Rick stood up to help Ayliannon back into the water. "Well; save my ass a second time, and we'll forget that it ever happened. In fact, I'll even make it up to you by driving you back to the ocean myself." The mermaid slid into the lake with a tiny splash. Rick knelt down at the side of the boat, winked at the mermaid, and said, "That's a promise."

Ayliannon smiled and replied, "I'll hold you to it."

"Oh yeah!" said Rick. "You and me, Aylie, we're gonna do good things!"

"'Aylie'?" she repeated. "What is 'Aylie'?"

"It's your new nickname," said Rick. "Human tradition; very important. And 'Ayliannon' is just a little bit of a mouthful." As the mermaid swam away, he called out, "Now don't forget! Midnight!"

"I won't!" she called back. Then, she flipped her tailfin and disappeared under the water.

Rick sat alone in the boat for a minute, pondering, mulling over what he'd learned. Then he took the crystal ball out of his pocket. Now that he had the whole story, or as much of it as he was going glean from the mermaid at any rate, was time to talk to the boss-lady. There would be no more improvising or taking blind guesses in the dark for this analytically-minded engineer, no sir: it was time to make a plan.

* * *

In truth, Rick had already more or less decided on a course of action. He didn't think that he had the means to oppose the cultists directly; that would have required some firepower, or some high explosives, or something else equally violent that Rick didn't have access to at the moment. But then, that wasn't who Rick was: you could hardly call him a "roaring rampage" kind of guy. He'd done some Tae Kwan Do as a kid and some foil-fencing as an undergrad, and that was about the limit on his meager-to-nonexistent capabilities as a fighter.

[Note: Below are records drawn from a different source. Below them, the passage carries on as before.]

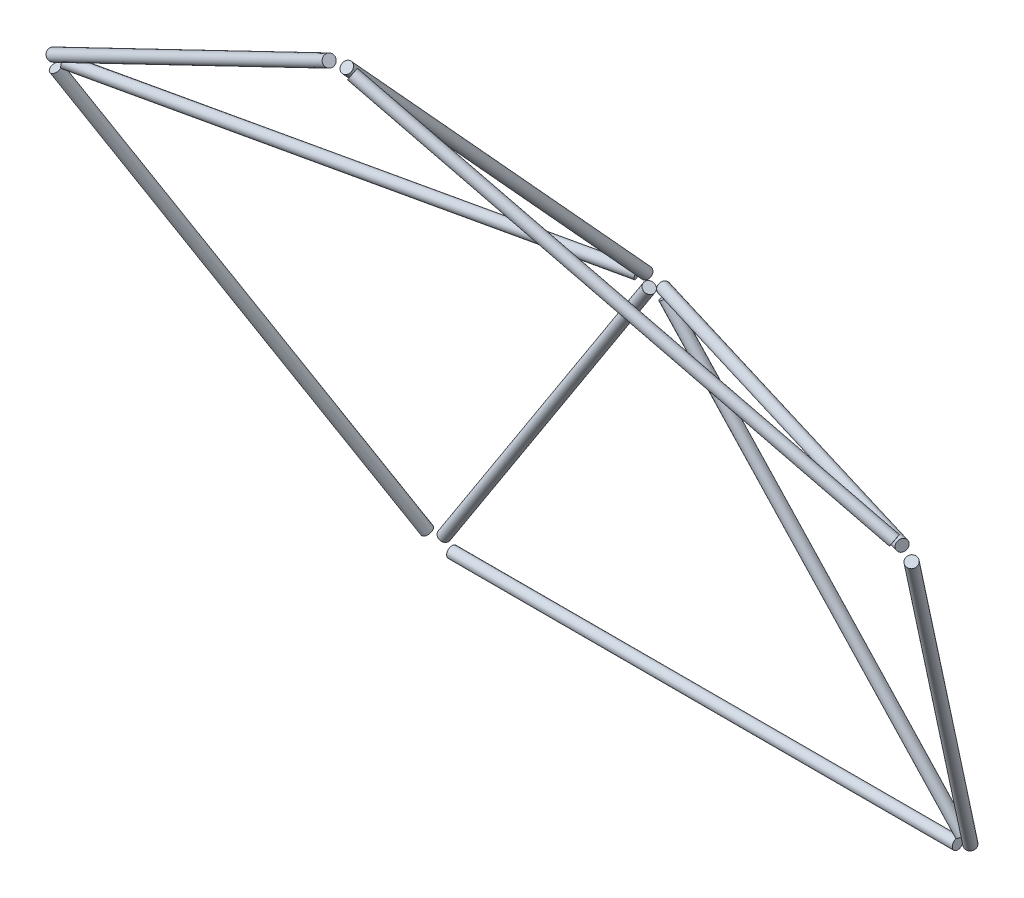
ISO-10303-21;
HEADER;
FILE_DESCRIPTION(('STEP AP214'),'2;1');
FILE_NAME('part.step','',(''),(''),'','','');
FILE_SCHEMA(('AUTOMOTIVE_DESIGN { 1 0 10303 214 1 1 1 1 }'));
ENDSEC;
DATA;
#1=APPLICATION_CONTEXT('core data for automotive mechanical design processes');
#2=APPLICATION_PROTOCOL_DEFINITION('international standard','automotive_design',2000,#1);
#3=PRODUCT_CONTEXT('',#1,'mechanical');
#4=PRODUCT('Part','Part','',(#3));
#5=PRODUCT_RELATED_PRODUCT_CATEGORY('part','',(#4));
#6=PRODUCT_DEFINITION_FORMATION('','',#4);
#7=PRODUCT_DEFINITION_CONTEXT('part definition',#1,'design');
#8=PRODUCT_DEFINITION('design','',#6,#7);
#9=PRODUCT_DEFINITION_SHAPE('','',#8);
#10=(LENGTH_UNIT() NAMED_UNIT(*) SI_UNIT(.MILLI.,.METRE.));
#11=(NAMED_UNIT(*) PLANE_ANGLE_UNIT() SI_UNIT($,.RADIAN.));
#12=(NAMED_UNIT(*) SI_UNIT($,.STERADIAN.) SOLID_ANGLE_UNIT());
#13=UNCERTAINTY_MEASURE_WITH_UNIT(LENGTH_MEASURE(1.E-05),#10,'distance_accuracy_value','');
#14=(GEOMETRIC_REPRESENTATION_CONTEXT(3) GLOBAL_UNCERTAINTY_ASSIGNED_CONTEXT((#13)) GLOBAL_UNIT_ASSIGNED_CONTEXT((#10,
#11,#12)) REPRESENTATION_CONTEXT('',''));
#15=CARTESIAN_POINT('',(0.,0.,0.));
#16=DIRECTION('',(0.,0.,1.));
#17=DIRECTION('',(1.,0.,0.));
#18=AXIS2_PLACEMENT_3D('',#15,#16,#17);
#19=CARTESIAN_POINT('',(3.23606797750098,202.053269556013,-127.226929132831));
#20=DIRECTION('',(0.809016994374942,-0.525731112119141,-0.262865556059569));
#21=DIRECTION('',(0.,0.447213595499956,-0.894427190999917));
#22=AXIS2_PLACEMENT_3D('',#19,#20,#21);
#23=PLANE('',#22);
#24=CARTESIAN_POINT('',(3.23606797750098,202.053269556013,-127.226929132831));
#25=DIRECTION('',(0.809016994374942,-0.525731112119141,-0.262865556059569));
#26=DIRECTION('',(0.,0.447213595499956,-0.894427190999917));
#27=AXIS2_PLACEMENT_3D('',#24,#25,#26);
#28=CIRCLE('',#27,1.49999999999999);
#29=CARTESIAN_POINT('',(3.23606797750098,202.724089949263,-128.568569919331));
#30=VERTEX_POINT('',#29);
#31=EDGE_CURVE('E68',#30,#30,#28,.T.);
#32=ORIENTED_EDGE('',*,*,#31,.F.);
#33=EDGE_LOOP('',(#32));
#34=FACE_BOUND('',#33,.T.);
#35=ADVANCED_FACE('F62',(#34),#23,.F.);
#36=CARTESIAN_POINT('',(116.763932022501,128.278391357067,-164.114368232304));
#37=DIRECTION('',(0.809016994374942,-0.525731112119141,-0.262865556059569));
#38=DIRECTION('',(0.,0.447213595499956,-0.894427190999917));
#39=AXIS2_PLACEMENT_3D('',#36,#37,#38);
#40=PLANE('',#39);
#41=CARTESIAN_POINT('',(116.763932022501,128.278391357067,-164.114368232304));
#42=DIRECTION('',(0.809016994374942,-0.525731112119141,-0.262865556059569));
#43=DIRECTION('',(0.,0.447213595499956,-0.894427190999917));
#44=AXIS2_PLACEMENT_3D('',#41,#42,#43);
#45=CIRCLE('',#44,1.49999999999999);
#46=CARTESIAN_POINT('',(116.763932022501,128.949211750317,-165.456009018804));
#47=VERTEX_POINT('',#46);
#48=EDGE_CURVE('E13',#47,#47,#45,.T.);
#49=ORIENTED_EDGE('',*,*,#48,.T.);
#50=EDGE_LOOP('',(#49));
#51=FACE_BOUND('',#50,.T.);
#52=ADVANCED_FACE('F77',(#51),#40,.T.);
#53=CARTESIAN_POINT('',(3.23606797750098,202.053269556013,-127.226929132831));
#54=DIRECTION('',(0.809016994374941,-0.525731112119142,-0.262865556059569));
#55=DIRECTION('',(0.,0.447213595499955,-0.894427190999917));
#56=AXIS2_PLACEMENT_3D('',#53,#54,#55);
#57=CYLINDRICAL_SURFACE('',#56,1.49999999999999);
#58=ORIENTED_EDGE('',*,*,#48,.F.);
#59=EDGE_LOOP('',(#58));
#60=FACE_BOUND('',#59,.T.);
#61=ORIENTED_EDGE('',*,*,#31,.T.);
#62=EDGE_LOOP('',(#61));
#63=FACE_BOUND('',#62,.T.);
#64=ADVANCED_FACE('F74',(#60,#63),#57,.T.);
#65=CLOSED_SHELL('',(#35,#52,#64));
#66=MANIFOLD_SOLID_BREP('B2',#65);
#67=CARTESIAN_POINT('',(-116.763932022499,128.278391357069,-164.114368232303));
#68=DIRECTION('',(0.809016994374952,0.525731112119129,0.262865556059564));
#69=DIRECTION('',(0.,0.447213595499955,-0.894427190999918));
#70=AXIS2_PLACEMENT_3D('',#67,#68,#69);
#71=PLANE('',#70);
#72=CARTESIAN_POINT('',(-116.763932022499,128.278391357069,-164.114368232303));
#73=DIRECTION('',(0.809016994374952,0.525731112119129,0.262865556059564));
#74=DIRECTION('',(0.,0.447213595499955,-0.894427190999918));
#75=AXIS2_PLACEMENT_3D('',#72,#73,#74);
#76=CIRCLE('',#75,1.49999999999999);
#77=CARTESIAN_POINT('',(-116.763932022499,128.949211750319,-165.456009018803));
#78=VERTEX_POINT('',#77);
#79=EDGE_CURVE('E125',#78,#78,#76,.T.);
#80=ORIENTED_EDGE('',*,*,#79,.F.);
#81=EDGE_LOOP('',(#80));
#82=FACE_BOUND('',#81,.T.);
#83=ADVANCED_FACE('F119',(#82),#71,.F.);
#84=CARTESIAN_POINT('',(-3.23606797749835,202.053269556013,-127.226929132831));
#85=DIRECTION('',(0.809016994374952,0.525731112119129,0.262865556059564));
#86=DIRECTION('',(0.,0.447213595499955,-0.894427190999918));
#87=AXIS2_PLACEMENT_3D('',#84,#85,#86);
#88=PLANE('',#87);
#89=CARTESIAN_POINT('',(-3.23606797749835,202.053269556013,-127.226929132831));
#90=DIRECTION('',(0.809016994374952,0.525731112119129,0.262865556059564));
#91=DIRECTION('',(0.,0.447213595499955,-0.894427190999918));
#92=AXIS2_PLACEMENT_3D('',#89,#90,#91);
#93=CIRCLE('',#92,1.49999999999999);
#94=CARTESIAN_POINT('',(-3.23606797749835,202.724089949263,-128.568569919331));
#95=VERTEX_POINT('',#94);
#96=EDGE_CURVE('E61',#95,#95,#93,.T.);
#97=ORIENTED_EDGE('',*,*,#96,.T.);
#98=EDGE_LOOP('',(#97));
#99=FACE_BOUND('',#98,.T.);
#100=ADVANCED_FACE('F134',(#99),#88,.T.);
#101=CARTESIAN_POINT('',(-116.763932022499,128.278391357069,-164.114368232303));
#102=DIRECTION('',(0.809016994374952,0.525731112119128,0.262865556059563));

He felt the weight of the crystal ball in his right hand; with his left, he shielded his eyes from the glare of the morning sun. Peering into the small object, he could only see reflections in its clear, glass-like surface. Then he squeezed it tightly and whispered the Elvish command-phrase that Mrs. Smith had taught him on the morning before he'd left the Faircourt Building: " _Méran quet mélamarta._ " At once, the transparent interior of the crystal filled with pinkish fog.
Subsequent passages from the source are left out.